Work instruction: Count every line below that holds "normal". Number only.

Records for this exercise:
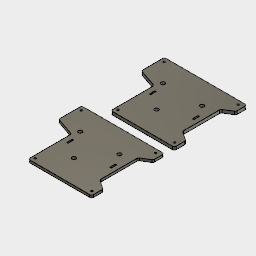
Y_Carriage_v1 (Autodesk Fusion 360 design; units mm, degrees)
Autodesk Fusion 360 part; units mm, degrees
sketch "Sketch1" plane through (0, 0, 0) normal (0, 1, 0) x (1, 0, 0)
  line L0 (-70, 48.432) -> (-70, 17.1623)
  line L1 (-67.9487, 14.3162) -> (-41.8723, 5.6241)
  line L2 (-39.821, 2.7781) -> (-39.821, -60.1467)
  line L3 (-36.821, -63.1467) -> (57.179, -63.1467)
  line L4 (60.179, -60.1467) -> (60.179, -46.7249)
  line L5 (58.8431, -44.2287) -> (46.3359, -35.8906)
  line L6 (45, -33.3944) -> (45, 23.3232)
  line L7 (46.4283, 25.8785) -> (58.5717, 33.3476)
  line L8 (60, 35.9029) -> (60, 48.432)
  line L9 (57, 51.432) -> (-67, 51.432)
  line L10 (-31.8938, -1.3937) -> (-30, -1.3937)
  line L11 (-30, -1.3937) -> (-30, -10)
  line L12 (-30, -10) -> (-31.8938, -10)
  line L13 (-31.8938, -10) -> (-31.8938, -1.3937)
  line L14 (35.7659, -1.3937) -> (37.9138, -1.3937)
  line L15 (37.9138, -1.3937) -> (37.9138, -10)
  line L16 (37.9138, -10) -> (35.7659, -10)
  line L17 (35.7659, -10) -> (35.7659, -1.3937)
  circle A0 centre (-5, -25.8352) radius 3
  circle A1 centre (-35.8854, 15) radius 3
  circle A2 centre (25.6268, 15) radius 3
  circle A3 centre (-35.1495, -56.5239) radius 1.5
  circle A4 centre (54.0379, -56.5239) radius 1.5
  circle A5 centre (52.4619, 45) radius 1.5
  circle A6 centre (-64.0904, 45) radius 1.5
  arc A7 (-67, 51.432) -> (-70, 48.432) centre (-67, 48.432) ccw
  arc A8 (60, 48.432) -> (57, 51.432) centre (57, 48.432) ccw
  arc A9 (58.5717, 33.3476) -> (60, 35.9029) centre (57, 35.9029) ccw
  arc A10 (46.4283, 25.8785) -> (45, 23.3232) centre (48, 23.3232) ccw
  arc A11 (45, -33.3944) -> (46.3359, -35.8906) centre (48, -33.3944) ccw
  arc A12 (60.179, -46.7249) -> (58.8431, -44.2287) centre (57.179, -46.7249) ccw
  arc A13 (57.179, -63.1467) -> (60.179, -60.1467) centre (57.179, -60.1467) ccw
  arc A14 (-39.821, -60.1467) -> (-36.821, -63.1467) centre (-36.821, -60.1467) ccw
  arc A15 (-39.821, 2.7781) -> (-41.8723, 5.6241) centre (-42.821, 2.7781) ccw
  arc A16 (-70, 17.1623) -> (-67.9487, 14.3162) centre (-67, 17.1623) ccw
  dimension "d1" = 6
  dimension "d2" = 6
  dimension "d3" = 6
  dimension "d4" = 3
  dimension "d5" = 3
  dimension "d6" = 3
  dimension "d7" = 3
  dimension "d8" = 3
  measures "d1" diameter of A0
  measures "d2" diameter of A1
  measures "d3" diameter of A2
  measures "d4" diameter of A3
  measures "d5" diameter of A4
  measures "d6" diameter of A5
  measures "d7" diameter of A6
  measures "d8" radius of A7
extrude "Extrude1" add sketch "Sketch1" along normal blind 5 makes body 1
copy_body "CopyPasteBodies1" bodies 1 makes body 2
move_body "Move1" bodies 2 to x (1, 0, 0) y (0, 1, 0) z (0, 0, 1) at (0, 0, 130)
move_face "OffsetFaces1" offset -1 1 faces at (-15.338, 5, 93.7001) on bodies 2
named bodies: "5mm", "4mm"

Answer to the exercise: 2